SDCNet: Size Divide and Conquer Network for Salient Object Detection

Senbo Yan, Xiaowen Song, Chuer Yu; Proceedings of the Asian Conference on Computer Vision (ACCV), 2020

Abstract


The fully convolutional neural network (FCN) based methods achieve great performances in salient object detection (SOD). However, most existing methods have difficulty in detecting small or large objects. To solve this problem, we propose Size Divide and Conquer Network (SDCNet) which learning the features of salient objects of different sizes separately for better detection. Specifically, SDCNet contains two main aspects: (1)We calculate the proportion of objects in the image (with the ground truth of pixel-level) and train a size inference module to predict the size of salient objects. (2) We novelly propose a Multi-channel Size Divide Module (MSDM) to learning the features of salient objects with different sizes, respectively.

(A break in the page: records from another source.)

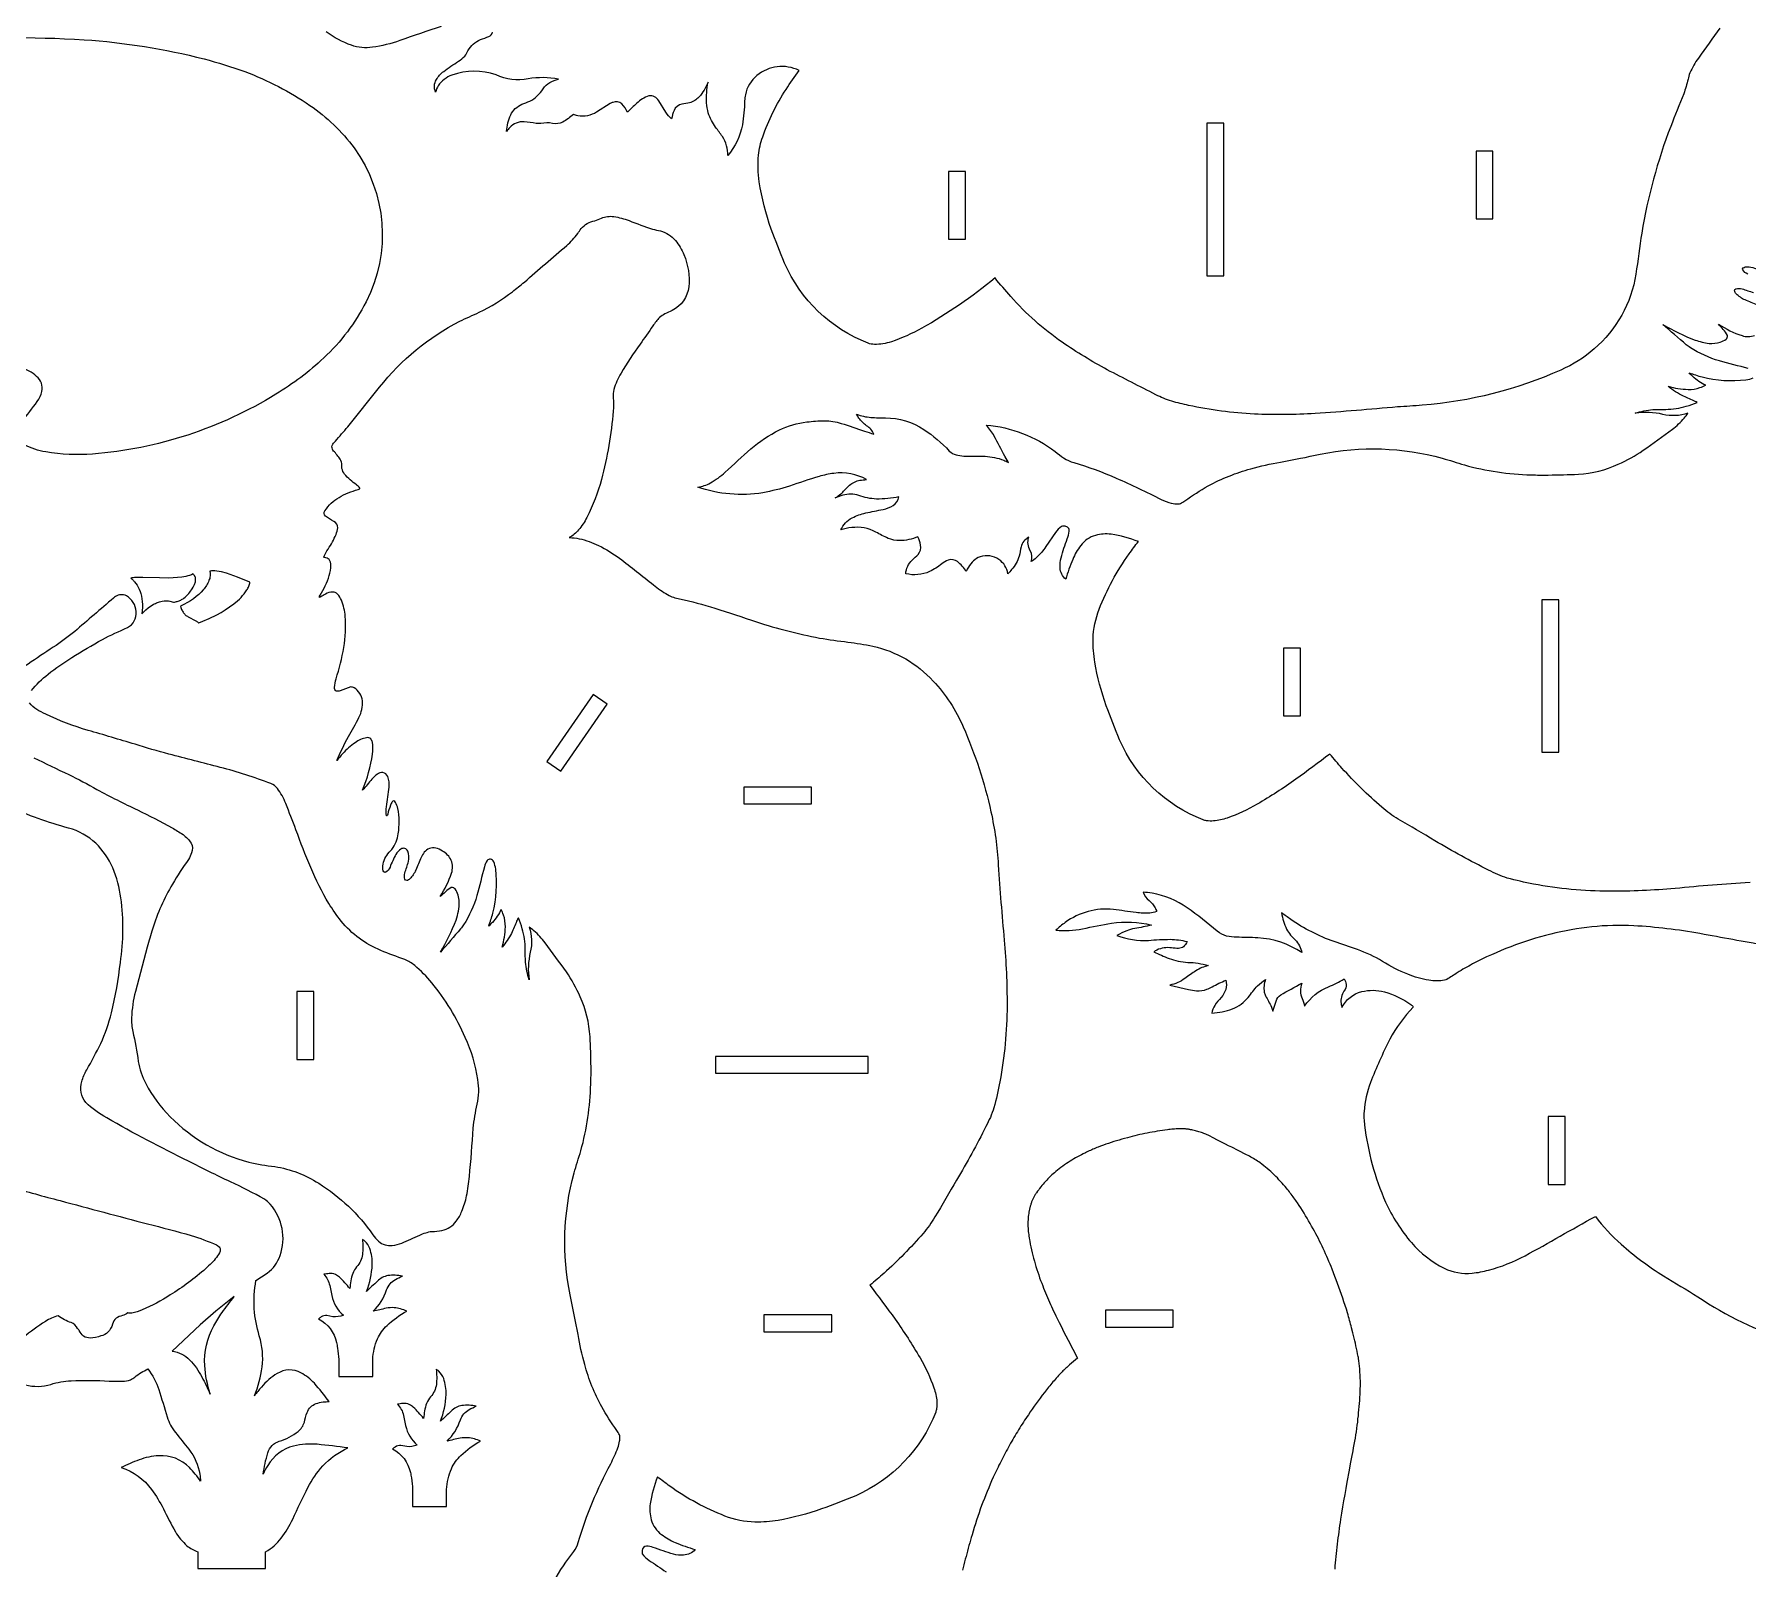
# Model space of a CAD drawing. Extents: x 35.5 to 67.2, y 24 to 50.4.
# Drawn here: x 47.79 to 60.43, y 30.28 to 41.6 of the extents above; entities that cross this region are included whole.
import ezdxf

# ---------------------------------------------------------------- set-up
doc = ezdxf.new("R2010")
doc.units = 0
doc.header["$MEASUREMENT"] = 0
doc.layers.get('0').update_dxf_attribs({"linetype": 'CONTINUOUS'})

msp = doc.modelspace()

# ---------------------------------------------------------------- linework, layer by layer
for points in [[(50.796, 41.658, 0.003925), (50.49, 41.554, -0.047624), (50.289, 41.504, -0.122497), (50.133, 41.519, -0.073814), (49.948, 41.618, -0.089923)], [(60.228, 41.646, -0.001808), (60.069, 41.425, 0.048267), (60.006, 41.315, 0.053543), (59.993, 41.268, -0.032799), (59.961, 41.162, -0.001182), (59.865, 40.921, 0.050203), (59.651, 40.134, -0.001096), (59.608, 39.832, -0.179531), (59.3, 39.28, -0.075982), (59.054, 39.124, -0.086689), (58.032, 38.865, -0.006698), (57.85, 38.852, -0.00483), (57.242, 38.803, -0.025308), (56.794, 38.799, -0.039353), (56.309, 38.863, -0.013854), (56.184, 38.894, -0.040061), (56.067, 38.942, -0.00145), (55.709, 39.126, -0.025729), (55.376, 39.329, -0.060129), (54.997, 39.667, -0.015158), (54.881, 39.803, -0.044175), (54.34, 39.432, -0.045913), (54.116, 39.333, -0.079791), (53.991, 39.313, -0.074661), (53.944, 39.322, -0.198744), (53.328, 39.912, -0.010998), (53.23, 40.163, -0.047383), (53.142, 40.512, -0.060687), (53.136, 40.709, -0.057482), (53.167, 40.843, -0.062522), (53.34, 41.194, -0.017087), (53.435, 41.333, 0.300286), (53.125, 41.295, 0.184286), (53.04, 41.154, 0.032509), (53.034, 41.11, -0.028759), (53.017, 40.933, -0.125891), (52.91, 40.705, 0.158118), (52.87, 40.846, 0.012289), (52.82, 40.914, -0.079871), (52.766, 41.02, -0.091742), (52.754, 41.17, -0.025713), (52.764, 41.247, -0.084534), (52.697, 41.137, -0.134701), (52.628, 41.095, -0.016605), (52.571, 41.085, 0.2525), (52.513, 41.037, 0.059575), (52.495, 40.977, -0.07477), (52.453, 41.025), (52.4, 41.11, 0.318047), (52.328, 41.145, 0.115857), (52.238, 41.091, 0.017302), (52.169, 41.025, 0.1015), (52.128, 41.087, 0.282727), (52.062, 41.098, 0.045738), (52.041, 41.089), (51.941, 41.026, -0.18395), (51.803, 40.999, -0.049964), (51.771, 41.009, -0.067609), (51.692, 40.953, -0.167125), (51.617, 40.943, 0.112454), (51.531, 40.942, -0.06006), (51.496, 40.943, 0.031409), (51.408, 40.955, 0.224368), (51.301, 40.912, 0.043079), (51.278, 40.884, -0.093148), (51.308, 41.005, -0.173538), (51.39, 41.084, 0.009954), (51.449, 41.107, 0.132246), (51.547, 41.198, -0.191244), (51.661, 41.269, 0.094208), (51.437, 41.271, -0.15346), (51.2, 41.3, 0.17786), (50.875, 41.299, 0.151126), (50.774, 41.221, 0.082325), (50.754, 41.174, -0.241662), (50.76, 41.266, -0.092711), (50.814, 41.326, -0.019299), (50.923, 41.401, 0.042738), (50.969, 41.438, 0.082819), (50.993, 41.479, -0.170782), (51.086, 41.561, -0.005428), (51.148, 41.584, 0.234932), (51.174, 41.616, 0.35305)], [(47.008, 41.554, -0.032685), (48.162, 41.56, -0.04507), (49.046, 41.419, -0.023575), (49.347, 41.325, -0.058692), (49.827, 41.076, -0.080834), (50.153, 40.762, -0.283166), (50.241, 39.626, -0.088092), (49.929, 39.213, -0.05292), (49.576, 38.946, -0.118379), (48.224, 38.504, -0.059823), (47.878, 38.52, -0.074183), (47.722, 38.572, -0.043802)], [(51.531, 29.839, -0.138745), (51.716, 30.333, 0.003131), (51.774, 30.411, 0.075431), (51.806, 30.479, -0.049842), (52.046, 31.059, 0.025525), (52.099, 31.177, 0.033711), (52.111, 31.224, 0.046653), (52.113, 31.258, 0.087821), (52.11, 31.272, 0.044113), (52.09, 31.304, -0.023513), (51.98, 31.478, -0.05953), (51.854, 31.791, -0.0271), (51.805, 32.011, 0.007058), (51.747, 32.303, -0.118436), (51.776, 33.203, -0.00786), (51.826, 33.367, 0.061214), (51.899, 33.859, 0.012751), (51.901, 33.985, 0.00818), (51.894, 34.208, 0.089353), (51.821, 34.502, 0.051449), (51.719, 34.685, 0.005478), (51.563, 34.9, 0.046223), (51.48, 34.989, 0.026547), (51.445, 35.015, -0.139855), (51.453, 34.831, 0.096415), (51.444, 34.628, -0.049384), (51.418, 34.757, -0.020224), (51.416, 34.852, 0.067289), (51.393, 35.004, 0.014824), (51.366, 35.085, 0.05435), (51.352, 35.06, -0.011044), (51.313, 34.97, -0.063442), (51.245, 34.869, 0.065799), (51.269, 35.017, 0.087486), (51.255, 35.105, 0.025091), (51.238, 35.146, -0.067829), (51.174, 35.051, -0.031851), (51.146, 35.024, 0.018936), (51.177, 35.119, 0.088965), (51.198, 35.443, 0.056015), (51.183, 35.498, 0.243935), (51.16, 35.518, 0.265649), (51.135, 35.506, 0.077454), (51.114, 35.461, -0.005669), (51.059, 35.248, -0.069677), (50.961, 35.033, -0.023659), (50.939, 35.004, -0.004465), (50.79, 34.831, 0.043572), (50.905, 35.068, 0.087449), (50.929, 35.201, 0.146573), (50.898, 35.298, 0.17072), (50.88, 35.308, 0.114481), (50.87, 35.307, 0.107313), (50.827, 35.277, -0.047605), (50.788, 35.241, 0.066233), (50.872, 35.415, 0.174072), (50.87, 35.508, 0.142602), (50.806, 35.577, 0.075809), (50.755, 35.599, 0.288194), (50.671, 35.568, 0.073331), (50.648, 35.53, -0.014135), (50.609, 35.437, -0.085914), (50.564, 35.372, -0.162564), (50.541, 35.359, -0.31879), (50.527, 35.369, -0.128668), (50.527, 35.415, 0.008326), (50.554, 35.5, 0.159985), (50.549, 35.577, 0.216479), (50.527, 35.596, 0.216479), (50.499, 35.591, 0.132103), (50.461, 35.552, 0.032337), (50.418, 35.458, -0.154521), (50.387, 35.42, -0.348588), (50.373, 35.424, -0.119184), (50.366, 35.439, -0.186766), (50.394, 35.545, -0.024243), (50.431, 35.589, 0.13028), (50.479, 35.705, 0.086554), (50.476, 35.891, 0.079179), (50.459, 35.935, 0.209238), (50.445, 35.946, 0.239226), (50.434, 35.94, 0.05888), (50.421, 35.915, 0.019497), (50.401, 35.848, -0.098553), (50.395, 35.836, -0.345791), (50.393, 35.837, -0.099093), (50.391, 35.904, 0.019902), (50.412, 36.049, 0.117088), (50.402, 36.126, 0.234621), (50.365, 36.156, 0.197162), (50.325, 36.144, 0.052412), (50.285, 36.107, 0.007679), (50.216, 36.025, 0.055985), (50.29, 36.292, 0.069328), (50.288, 36.379, 0.109173), (50.276, 36.404, 0.235841), (50.245, 36.413, 0.103218), (50.16, 36.376, 0.066248), (50.07, 36.296, 0.015289), (50.026, 36.244, -0.020164), (50.111, 36.421, 0.009044), (50.189, 36.562, 0.140338), (50.214, 36.684, 0.234832), (50.153, 36.781, 0.119377), (50.13, 36.787, -0.00716), (50.05, 36.758, -0.12957), (50.022, 36.756, -0.258637), (50.011, 36.769, -0.074854), (50.009, 36.783, -0.051564), (50.02, 36.847, 0.030476), (50.077, 37.078, 0.060498), (50.088, 37.309, 0.075638), (50.06, 37.426, 0.066103), (50.031, 37.472, 0.193801), (49.995, 37.487, 0.128838), (49.942, 37.471, 0.030521), (49.908, 37.451, -0.149217), (49.897, 37.447), (49.897, 37.448, -0.090408), (49.902, 37.463, 0.059639), (49.97, 37.608, 0.067073), (49.982, 37.685, 0.123991), (49.969, 37.726, 0.247435), (49.936, 37.741, -0.229764), (49.932, 37.742, -0.229764), (49.931, 37.746, -0.072169), (49.962, 37.804, 0.037646), (50.02, 37.911, 0.06957), (50.032, 37.96, 0.294773), (50.004, 38.008, -0.049), (49.941, 38.047, -0.359267), (49.938, 38.087, -0.115064), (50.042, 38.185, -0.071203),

In detail, we employ MSDM following each block of the backbone network and use different channels to extract features of salient objects within different size range at various resolutions. Unlike coupling additional features, we encode the network based on the idea of divide and conquer for different data distributions, and learn the features of salient objects of different sizes specifically. The experimental results show that SDCNet outperforms 14 state-of-the-art methods on five benchmark datasets without using other auxiliary techniques.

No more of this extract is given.